State Department officials disputed that finding, noting that they planned to hire 130 additional passport workers and to expand the number of locations that accept applications, mostly post offices, from 7,500 to 9,500.

Yet when the requirement took effect Jan. 23, a backlog began to develop almost instantly. Even as calls to Congress from irate travelers turned from a trickle to a stream over the next month, Chertoff reassured the Senate Homeland Security Committee that the initiative was working well.

"All the doom and gloom turned out not to come out," he said. "And that's because we stuck to the program."

But already the average turnaround time to process a passport fee had grown from 24 hours to three weeks, as 2.1 million applications arrived in January — 600,000 more than expected. Citicorp, which processes the fees under a contract with the Treasury Department, added 400 workers to its already expanded staff of 800 to clear the backlog.

Instead of fixing the problem, however, that sent a tidal wave of paperwork downstream. "They were not handing [the applications] over on time, and then they dumped them on us all at once" in May, said Janelle Hironimus, a State Department spokeswoman.

Sheryl Morrow, director for the revenue collection group at the Treasury Department's Financial Management Service, countered that the State Department was well-aware of the backlog. "They get daily reports from the bank. They knew what was coming," she said.

Analysts at the State Department initially forecast that passport applications would increase from 12 million to 15 million annually under the new system, then upped the projection in 2006 to 16 million. Those estimates, Harty said Tuesday, were based on a study by BearingPoint, a consulting firm in McLean, Va.

When a heavier volume of applications came in — at the current pace of 17.5 million annually — the system was temporarily swamped, said Ann Barrett, deputy assistant secretary of State for passport services. "None of us has a crystal ball," she said.

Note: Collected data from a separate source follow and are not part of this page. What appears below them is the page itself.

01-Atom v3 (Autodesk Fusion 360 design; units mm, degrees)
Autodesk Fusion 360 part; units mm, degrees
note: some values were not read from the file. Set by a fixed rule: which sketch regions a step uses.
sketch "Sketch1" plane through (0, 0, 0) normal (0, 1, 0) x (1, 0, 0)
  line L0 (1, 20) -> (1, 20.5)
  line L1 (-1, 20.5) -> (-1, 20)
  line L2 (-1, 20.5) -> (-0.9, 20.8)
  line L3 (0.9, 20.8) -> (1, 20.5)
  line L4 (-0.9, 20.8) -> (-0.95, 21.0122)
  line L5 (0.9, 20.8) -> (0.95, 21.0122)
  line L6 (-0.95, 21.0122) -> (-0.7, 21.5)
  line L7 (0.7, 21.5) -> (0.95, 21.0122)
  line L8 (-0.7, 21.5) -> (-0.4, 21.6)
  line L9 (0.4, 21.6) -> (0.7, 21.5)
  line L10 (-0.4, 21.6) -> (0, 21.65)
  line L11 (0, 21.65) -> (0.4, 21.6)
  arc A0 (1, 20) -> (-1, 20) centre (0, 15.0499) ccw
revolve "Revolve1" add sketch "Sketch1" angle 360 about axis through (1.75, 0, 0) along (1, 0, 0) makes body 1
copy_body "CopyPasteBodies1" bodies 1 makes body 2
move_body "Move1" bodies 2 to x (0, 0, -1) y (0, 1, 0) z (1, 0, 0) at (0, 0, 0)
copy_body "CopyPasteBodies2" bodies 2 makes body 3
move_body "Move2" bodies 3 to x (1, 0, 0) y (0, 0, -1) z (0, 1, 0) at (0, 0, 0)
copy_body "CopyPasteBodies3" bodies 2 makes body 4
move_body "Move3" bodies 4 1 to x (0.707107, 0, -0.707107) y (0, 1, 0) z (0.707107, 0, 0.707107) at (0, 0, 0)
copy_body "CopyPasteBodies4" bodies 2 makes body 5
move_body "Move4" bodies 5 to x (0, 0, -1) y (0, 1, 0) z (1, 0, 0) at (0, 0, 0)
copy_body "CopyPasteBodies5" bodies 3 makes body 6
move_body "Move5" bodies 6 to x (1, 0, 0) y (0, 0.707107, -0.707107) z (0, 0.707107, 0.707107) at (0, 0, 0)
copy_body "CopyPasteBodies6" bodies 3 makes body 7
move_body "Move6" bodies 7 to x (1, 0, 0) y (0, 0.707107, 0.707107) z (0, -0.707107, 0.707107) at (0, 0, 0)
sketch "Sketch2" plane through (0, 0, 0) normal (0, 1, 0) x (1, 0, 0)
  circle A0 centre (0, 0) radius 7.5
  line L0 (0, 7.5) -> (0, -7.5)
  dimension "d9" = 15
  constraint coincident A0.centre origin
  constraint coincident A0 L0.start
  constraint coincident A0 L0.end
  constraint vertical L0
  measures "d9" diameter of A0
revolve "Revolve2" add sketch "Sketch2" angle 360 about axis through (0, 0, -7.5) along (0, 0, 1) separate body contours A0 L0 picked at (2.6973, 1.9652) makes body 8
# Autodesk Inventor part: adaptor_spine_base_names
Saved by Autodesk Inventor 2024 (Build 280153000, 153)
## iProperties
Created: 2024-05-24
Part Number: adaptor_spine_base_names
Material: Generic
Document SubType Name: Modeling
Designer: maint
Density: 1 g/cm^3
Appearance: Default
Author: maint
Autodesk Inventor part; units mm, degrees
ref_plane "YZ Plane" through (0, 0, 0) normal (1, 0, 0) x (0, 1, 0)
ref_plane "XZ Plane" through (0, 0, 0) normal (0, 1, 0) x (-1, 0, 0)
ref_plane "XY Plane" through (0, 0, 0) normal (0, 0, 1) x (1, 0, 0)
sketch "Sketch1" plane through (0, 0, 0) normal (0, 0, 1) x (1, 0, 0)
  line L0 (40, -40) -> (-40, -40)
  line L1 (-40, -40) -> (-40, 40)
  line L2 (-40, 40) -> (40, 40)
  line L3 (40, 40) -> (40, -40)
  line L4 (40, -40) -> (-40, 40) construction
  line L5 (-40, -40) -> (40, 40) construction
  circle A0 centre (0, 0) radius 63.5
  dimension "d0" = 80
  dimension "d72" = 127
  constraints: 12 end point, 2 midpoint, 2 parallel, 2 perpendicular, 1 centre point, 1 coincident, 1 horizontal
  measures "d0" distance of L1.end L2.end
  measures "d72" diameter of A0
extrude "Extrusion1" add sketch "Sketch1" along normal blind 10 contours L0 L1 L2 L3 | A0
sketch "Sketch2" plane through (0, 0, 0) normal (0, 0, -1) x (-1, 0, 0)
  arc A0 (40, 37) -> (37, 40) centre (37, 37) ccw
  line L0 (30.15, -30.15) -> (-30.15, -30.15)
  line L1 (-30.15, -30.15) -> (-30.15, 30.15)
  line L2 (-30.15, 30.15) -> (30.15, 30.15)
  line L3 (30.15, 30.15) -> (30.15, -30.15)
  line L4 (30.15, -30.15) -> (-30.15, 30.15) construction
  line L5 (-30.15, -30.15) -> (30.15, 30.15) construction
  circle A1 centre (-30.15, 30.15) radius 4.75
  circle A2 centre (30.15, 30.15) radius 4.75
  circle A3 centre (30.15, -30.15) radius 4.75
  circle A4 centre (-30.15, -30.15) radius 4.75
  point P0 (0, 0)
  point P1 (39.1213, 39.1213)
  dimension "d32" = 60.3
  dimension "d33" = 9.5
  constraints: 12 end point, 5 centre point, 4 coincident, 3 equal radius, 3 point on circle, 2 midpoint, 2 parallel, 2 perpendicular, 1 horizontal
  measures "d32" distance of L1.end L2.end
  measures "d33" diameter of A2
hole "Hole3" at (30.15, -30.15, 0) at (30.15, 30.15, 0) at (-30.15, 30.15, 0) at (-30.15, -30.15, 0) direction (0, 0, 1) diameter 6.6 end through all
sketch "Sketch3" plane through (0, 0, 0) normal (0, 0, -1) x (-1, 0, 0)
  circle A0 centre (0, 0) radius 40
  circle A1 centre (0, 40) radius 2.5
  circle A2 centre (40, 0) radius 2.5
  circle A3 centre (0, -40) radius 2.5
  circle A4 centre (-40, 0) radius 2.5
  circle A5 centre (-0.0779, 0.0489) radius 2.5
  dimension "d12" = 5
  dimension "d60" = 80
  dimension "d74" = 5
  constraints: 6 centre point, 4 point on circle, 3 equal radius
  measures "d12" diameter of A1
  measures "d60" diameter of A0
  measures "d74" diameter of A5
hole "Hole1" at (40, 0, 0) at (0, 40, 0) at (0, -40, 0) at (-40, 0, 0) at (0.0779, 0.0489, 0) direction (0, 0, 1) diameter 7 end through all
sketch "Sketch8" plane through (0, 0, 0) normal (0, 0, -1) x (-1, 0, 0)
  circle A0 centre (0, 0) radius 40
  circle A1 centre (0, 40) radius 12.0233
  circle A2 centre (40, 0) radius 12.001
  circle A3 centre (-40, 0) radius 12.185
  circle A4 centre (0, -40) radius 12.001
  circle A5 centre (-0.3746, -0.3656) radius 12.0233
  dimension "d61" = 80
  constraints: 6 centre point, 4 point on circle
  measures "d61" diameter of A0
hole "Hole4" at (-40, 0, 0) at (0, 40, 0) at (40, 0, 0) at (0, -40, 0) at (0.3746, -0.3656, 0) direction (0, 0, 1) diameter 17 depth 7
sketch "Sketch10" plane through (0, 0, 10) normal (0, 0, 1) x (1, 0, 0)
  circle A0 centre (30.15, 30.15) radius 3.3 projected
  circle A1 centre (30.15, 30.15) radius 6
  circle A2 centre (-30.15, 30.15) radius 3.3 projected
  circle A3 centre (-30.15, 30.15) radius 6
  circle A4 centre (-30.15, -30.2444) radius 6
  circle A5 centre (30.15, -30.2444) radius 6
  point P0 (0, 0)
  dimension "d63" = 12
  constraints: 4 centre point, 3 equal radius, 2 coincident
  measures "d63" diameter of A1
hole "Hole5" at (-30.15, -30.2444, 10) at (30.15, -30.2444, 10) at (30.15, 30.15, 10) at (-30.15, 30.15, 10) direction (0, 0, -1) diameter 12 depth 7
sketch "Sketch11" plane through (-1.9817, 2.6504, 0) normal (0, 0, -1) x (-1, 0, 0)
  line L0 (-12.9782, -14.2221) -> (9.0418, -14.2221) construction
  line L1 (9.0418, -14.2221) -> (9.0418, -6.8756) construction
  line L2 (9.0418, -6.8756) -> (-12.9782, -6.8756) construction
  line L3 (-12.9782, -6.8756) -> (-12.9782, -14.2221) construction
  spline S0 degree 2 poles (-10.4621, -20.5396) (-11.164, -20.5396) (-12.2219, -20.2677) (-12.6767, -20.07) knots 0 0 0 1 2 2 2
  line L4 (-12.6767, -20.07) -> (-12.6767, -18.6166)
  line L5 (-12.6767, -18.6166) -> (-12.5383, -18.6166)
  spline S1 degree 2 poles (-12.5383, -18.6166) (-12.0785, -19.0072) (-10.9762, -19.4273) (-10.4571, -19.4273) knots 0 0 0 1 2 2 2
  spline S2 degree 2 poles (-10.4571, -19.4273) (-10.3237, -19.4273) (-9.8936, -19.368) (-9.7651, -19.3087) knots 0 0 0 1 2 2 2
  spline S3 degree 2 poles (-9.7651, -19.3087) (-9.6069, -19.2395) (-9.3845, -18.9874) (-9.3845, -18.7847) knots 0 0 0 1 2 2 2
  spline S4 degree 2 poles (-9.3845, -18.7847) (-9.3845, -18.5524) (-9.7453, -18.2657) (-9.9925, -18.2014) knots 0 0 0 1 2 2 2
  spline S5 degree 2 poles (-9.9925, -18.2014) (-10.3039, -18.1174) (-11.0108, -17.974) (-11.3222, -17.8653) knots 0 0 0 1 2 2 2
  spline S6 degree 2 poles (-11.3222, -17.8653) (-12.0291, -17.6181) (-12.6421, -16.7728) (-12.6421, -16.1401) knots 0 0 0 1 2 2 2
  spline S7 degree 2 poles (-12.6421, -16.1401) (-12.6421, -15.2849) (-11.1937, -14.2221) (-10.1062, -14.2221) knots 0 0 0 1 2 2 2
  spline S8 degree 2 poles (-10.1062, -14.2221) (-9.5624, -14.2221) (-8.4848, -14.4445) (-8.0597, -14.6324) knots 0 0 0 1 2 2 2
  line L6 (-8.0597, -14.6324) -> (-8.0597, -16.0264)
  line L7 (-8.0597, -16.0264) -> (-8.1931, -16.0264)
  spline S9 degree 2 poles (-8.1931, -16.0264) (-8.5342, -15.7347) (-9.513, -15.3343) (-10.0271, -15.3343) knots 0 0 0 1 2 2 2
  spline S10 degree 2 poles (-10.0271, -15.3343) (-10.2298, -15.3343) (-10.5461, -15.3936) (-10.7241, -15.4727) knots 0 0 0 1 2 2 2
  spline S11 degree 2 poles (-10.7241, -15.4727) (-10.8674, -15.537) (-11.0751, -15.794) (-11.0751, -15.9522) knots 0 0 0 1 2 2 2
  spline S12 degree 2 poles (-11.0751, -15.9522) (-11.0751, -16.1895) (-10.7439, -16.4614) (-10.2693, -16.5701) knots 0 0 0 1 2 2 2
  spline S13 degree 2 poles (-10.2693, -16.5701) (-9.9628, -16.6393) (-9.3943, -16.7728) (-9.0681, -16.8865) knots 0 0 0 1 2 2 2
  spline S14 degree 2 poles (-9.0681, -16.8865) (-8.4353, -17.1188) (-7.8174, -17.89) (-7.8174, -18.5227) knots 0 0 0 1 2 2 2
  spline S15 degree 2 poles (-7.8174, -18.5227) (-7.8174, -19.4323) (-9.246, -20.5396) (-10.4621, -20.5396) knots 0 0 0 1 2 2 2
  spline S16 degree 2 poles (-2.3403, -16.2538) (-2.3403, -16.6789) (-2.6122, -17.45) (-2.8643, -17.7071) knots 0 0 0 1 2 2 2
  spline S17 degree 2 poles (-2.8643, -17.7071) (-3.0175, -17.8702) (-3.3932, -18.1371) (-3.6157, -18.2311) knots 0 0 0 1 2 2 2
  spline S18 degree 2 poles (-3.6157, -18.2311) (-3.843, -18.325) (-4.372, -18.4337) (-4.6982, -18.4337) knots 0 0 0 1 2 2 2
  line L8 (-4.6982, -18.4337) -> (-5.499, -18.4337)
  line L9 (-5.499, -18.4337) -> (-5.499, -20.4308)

According to the National Federation of Federal Employees, which represents passport office workers, the department had planned to almost double the number of employees, from 480 to 945. But only 218 new workers had been hired since 2005, the union said.

Barrett disputed those numbers, saying her office hired more than 250 employees and never promised more.

Officials within the travel industry — beset for months by panicked vacationers — say the State Department's miscalculation was drastic. "Clearly, they didn't hire enough," said Rick Webster, chief Washington lobbyist for the Travel Industry Assn. of America. "They simply asked for too little in terms of resources. They admit that, but they almost talk about it as if it was a factor of degrees. But it was a bigger miss than that."

Barrett announced plans this month to hire 400 more workers by October at a cost of $37 million, but screening and training them could take several months.

In the meantime, travelers are turning to their representatives and senators, hoping their intervention can help.